Starting at the line that holds "SAMTEC_TSW-110-08-G-T-RA = drill", transcribe every line to the end of the data exactly; include no other lines.

[Supplied material]

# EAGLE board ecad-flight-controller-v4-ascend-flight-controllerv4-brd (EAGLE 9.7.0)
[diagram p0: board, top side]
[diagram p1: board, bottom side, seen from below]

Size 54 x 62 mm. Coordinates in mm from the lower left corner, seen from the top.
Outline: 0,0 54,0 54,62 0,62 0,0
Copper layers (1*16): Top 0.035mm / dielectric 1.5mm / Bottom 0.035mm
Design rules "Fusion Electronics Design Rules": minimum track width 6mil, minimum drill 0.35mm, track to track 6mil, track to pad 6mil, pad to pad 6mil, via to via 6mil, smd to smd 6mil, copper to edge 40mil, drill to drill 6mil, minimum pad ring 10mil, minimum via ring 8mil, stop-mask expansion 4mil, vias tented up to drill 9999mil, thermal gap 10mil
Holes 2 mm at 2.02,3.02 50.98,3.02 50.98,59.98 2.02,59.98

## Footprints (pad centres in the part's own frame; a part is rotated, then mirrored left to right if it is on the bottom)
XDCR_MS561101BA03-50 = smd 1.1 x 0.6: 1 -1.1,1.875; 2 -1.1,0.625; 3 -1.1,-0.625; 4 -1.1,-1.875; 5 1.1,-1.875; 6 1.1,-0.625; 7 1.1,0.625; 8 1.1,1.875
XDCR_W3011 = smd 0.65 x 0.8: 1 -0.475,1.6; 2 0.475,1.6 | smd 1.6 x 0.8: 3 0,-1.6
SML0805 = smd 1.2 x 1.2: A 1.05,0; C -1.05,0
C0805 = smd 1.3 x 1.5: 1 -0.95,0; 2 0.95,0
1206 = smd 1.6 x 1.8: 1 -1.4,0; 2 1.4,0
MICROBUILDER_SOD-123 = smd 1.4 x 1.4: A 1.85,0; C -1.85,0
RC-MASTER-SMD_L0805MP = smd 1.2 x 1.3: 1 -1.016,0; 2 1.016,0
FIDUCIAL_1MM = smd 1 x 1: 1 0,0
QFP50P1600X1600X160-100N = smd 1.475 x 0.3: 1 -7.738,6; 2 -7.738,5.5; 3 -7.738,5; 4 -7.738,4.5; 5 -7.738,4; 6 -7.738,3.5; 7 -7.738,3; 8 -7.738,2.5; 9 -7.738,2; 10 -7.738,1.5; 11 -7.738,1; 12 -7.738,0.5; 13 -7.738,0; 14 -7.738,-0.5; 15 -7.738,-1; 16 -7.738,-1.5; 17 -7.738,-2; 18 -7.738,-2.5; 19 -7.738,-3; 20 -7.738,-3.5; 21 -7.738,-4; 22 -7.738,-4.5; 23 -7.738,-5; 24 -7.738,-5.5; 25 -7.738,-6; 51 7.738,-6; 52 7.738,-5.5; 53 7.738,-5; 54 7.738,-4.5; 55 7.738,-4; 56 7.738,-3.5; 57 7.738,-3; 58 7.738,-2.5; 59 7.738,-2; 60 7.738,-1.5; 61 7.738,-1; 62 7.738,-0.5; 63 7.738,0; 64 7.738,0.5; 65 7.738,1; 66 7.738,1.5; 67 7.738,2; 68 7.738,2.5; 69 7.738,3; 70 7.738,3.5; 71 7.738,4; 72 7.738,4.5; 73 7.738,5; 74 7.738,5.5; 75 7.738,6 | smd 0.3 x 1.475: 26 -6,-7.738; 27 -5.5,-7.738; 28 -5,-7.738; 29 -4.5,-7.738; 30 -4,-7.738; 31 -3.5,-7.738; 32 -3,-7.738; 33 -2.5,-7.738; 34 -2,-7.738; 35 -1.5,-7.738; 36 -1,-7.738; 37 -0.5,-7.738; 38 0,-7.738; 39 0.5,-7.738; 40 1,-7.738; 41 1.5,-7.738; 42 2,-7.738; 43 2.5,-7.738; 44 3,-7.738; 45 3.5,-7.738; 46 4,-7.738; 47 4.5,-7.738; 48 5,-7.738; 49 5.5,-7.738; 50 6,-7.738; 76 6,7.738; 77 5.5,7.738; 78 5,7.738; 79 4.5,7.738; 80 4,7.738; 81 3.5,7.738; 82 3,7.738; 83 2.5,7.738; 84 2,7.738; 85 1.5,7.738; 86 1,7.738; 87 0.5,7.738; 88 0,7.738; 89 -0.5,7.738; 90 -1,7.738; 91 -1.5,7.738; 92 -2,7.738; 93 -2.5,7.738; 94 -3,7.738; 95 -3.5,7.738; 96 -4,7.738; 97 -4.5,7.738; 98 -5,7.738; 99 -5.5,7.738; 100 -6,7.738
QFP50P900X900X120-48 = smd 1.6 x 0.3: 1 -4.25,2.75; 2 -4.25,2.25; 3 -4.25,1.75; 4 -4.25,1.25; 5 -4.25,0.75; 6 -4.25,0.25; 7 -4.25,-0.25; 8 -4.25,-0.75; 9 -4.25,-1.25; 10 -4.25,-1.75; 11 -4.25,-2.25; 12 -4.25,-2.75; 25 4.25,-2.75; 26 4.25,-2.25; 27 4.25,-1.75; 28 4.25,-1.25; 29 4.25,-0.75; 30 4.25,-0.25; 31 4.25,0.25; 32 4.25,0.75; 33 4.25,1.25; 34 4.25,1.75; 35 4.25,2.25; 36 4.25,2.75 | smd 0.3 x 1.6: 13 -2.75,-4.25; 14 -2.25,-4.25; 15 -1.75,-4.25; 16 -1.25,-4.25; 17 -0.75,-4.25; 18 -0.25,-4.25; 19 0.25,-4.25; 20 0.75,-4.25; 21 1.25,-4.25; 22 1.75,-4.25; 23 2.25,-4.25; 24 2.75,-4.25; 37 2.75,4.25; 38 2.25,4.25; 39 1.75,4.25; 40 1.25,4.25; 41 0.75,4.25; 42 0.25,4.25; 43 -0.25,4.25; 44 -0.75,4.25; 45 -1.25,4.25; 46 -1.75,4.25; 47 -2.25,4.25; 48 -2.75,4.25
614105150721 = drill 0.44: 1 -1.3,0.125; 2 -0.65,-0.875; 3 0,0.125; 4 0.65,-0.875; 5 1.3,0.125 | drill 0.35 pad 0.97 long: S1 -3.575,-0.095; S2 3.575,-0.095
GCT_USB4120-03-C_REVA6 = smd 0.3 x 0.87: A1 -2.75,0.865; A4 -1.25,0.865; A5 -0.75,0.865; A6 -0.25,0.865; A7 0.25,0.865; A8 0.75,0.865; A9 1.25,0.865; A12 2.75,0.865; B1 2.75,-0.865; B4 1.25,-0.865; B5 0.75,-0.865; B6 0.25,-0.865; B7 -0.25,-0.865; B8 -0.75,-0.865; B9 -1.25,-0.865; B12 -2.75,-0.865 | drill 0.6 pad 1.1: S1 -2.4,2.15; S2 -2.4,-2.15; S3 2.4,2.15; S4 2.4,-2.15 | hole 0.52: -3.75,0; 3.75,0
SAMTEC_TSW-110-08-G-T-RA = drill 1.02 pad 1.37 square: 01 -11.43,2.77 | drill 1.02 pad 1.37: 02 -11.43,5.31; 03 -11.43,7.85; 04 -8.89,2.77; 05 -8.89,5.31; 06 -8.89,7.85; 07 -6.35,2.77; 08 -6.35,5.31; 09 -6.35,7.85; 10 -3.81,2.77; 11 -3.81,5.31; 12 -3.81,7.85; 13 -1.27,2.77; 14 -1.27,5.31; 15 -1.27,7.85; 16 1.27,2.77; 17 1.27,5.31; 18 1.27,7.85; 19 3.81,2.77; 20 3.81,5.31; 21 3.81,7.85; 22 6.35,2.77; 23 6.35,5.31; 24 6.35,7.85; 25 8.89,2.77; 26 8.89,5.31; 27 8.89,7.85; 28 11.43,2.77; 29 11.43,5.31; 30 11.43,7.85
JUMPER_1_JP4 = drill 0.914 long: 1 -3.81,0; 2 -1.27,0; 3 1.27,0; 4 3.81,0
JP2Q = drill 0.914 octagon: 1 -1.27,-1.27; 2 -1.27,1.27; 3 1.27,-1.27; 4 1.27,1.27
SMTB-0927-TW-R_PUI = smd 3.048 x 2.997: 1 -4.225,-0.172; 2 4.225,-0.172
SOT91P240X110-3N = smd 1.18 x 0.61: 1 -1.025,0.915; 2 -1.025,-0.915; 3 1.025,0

[/Supplied material]

Written answer:
SAMTEC_TSW-110-08-G-T-RA = drill 1.02 pad 1.37 square: 01 -11.43,2.77 | drill 1.02 pad 1.37: 02 -11.43,5.31; 03 -11.43,7.85; 04 -8.89,2.77; 05 -8.89,5.31; 06 -8.89,7.85; 07 -6.35,2.77; 08 -6.35,5.31; 09 -6.35,7.85; 10 -3.81,2.77; 11 -3.81,5.31; 12 -3.81,7.85; 13 -1.27,2.77; 14 -1.27,5.31; 15 -1.27,7.85; 16 1.27,2.77; 17 1.27,5.31; 18 1.27,7.85; 19 3.81,2.77; 20 3.81,5.31; 21 3.81,7.85; 22 6.35,2.77; 23 6.35,5.31; 24 6.35,7.85; 25 8.89,2.77; 26 8.89,5.31; 27 8.89,7.85; 28 11.43,2.77; 29 11.43,5.31; 30 11.43,7.85
JUMPER_1_JP4 = drill 0.914 long: 1 -3.81,0; 2 -1.27,0; 3 1.27,0; 4 3.81,0
JP2Q = drill 0.914 octagon: 1 -1.27,-1.27; 2 -1.27,1.27; 3 1.27,-1.27; 4 1.27,1.27
SMTB-0927-TW-R_PUI = smd 3.048 x 2.997: 1 -4.225,-0.172; 2 4.225,-0.172
SOT91P240X110-3N = smd 1.18 x 0.61: 1 -1.025,0.915; 2 -1.025,-0.915; 3 1.025,0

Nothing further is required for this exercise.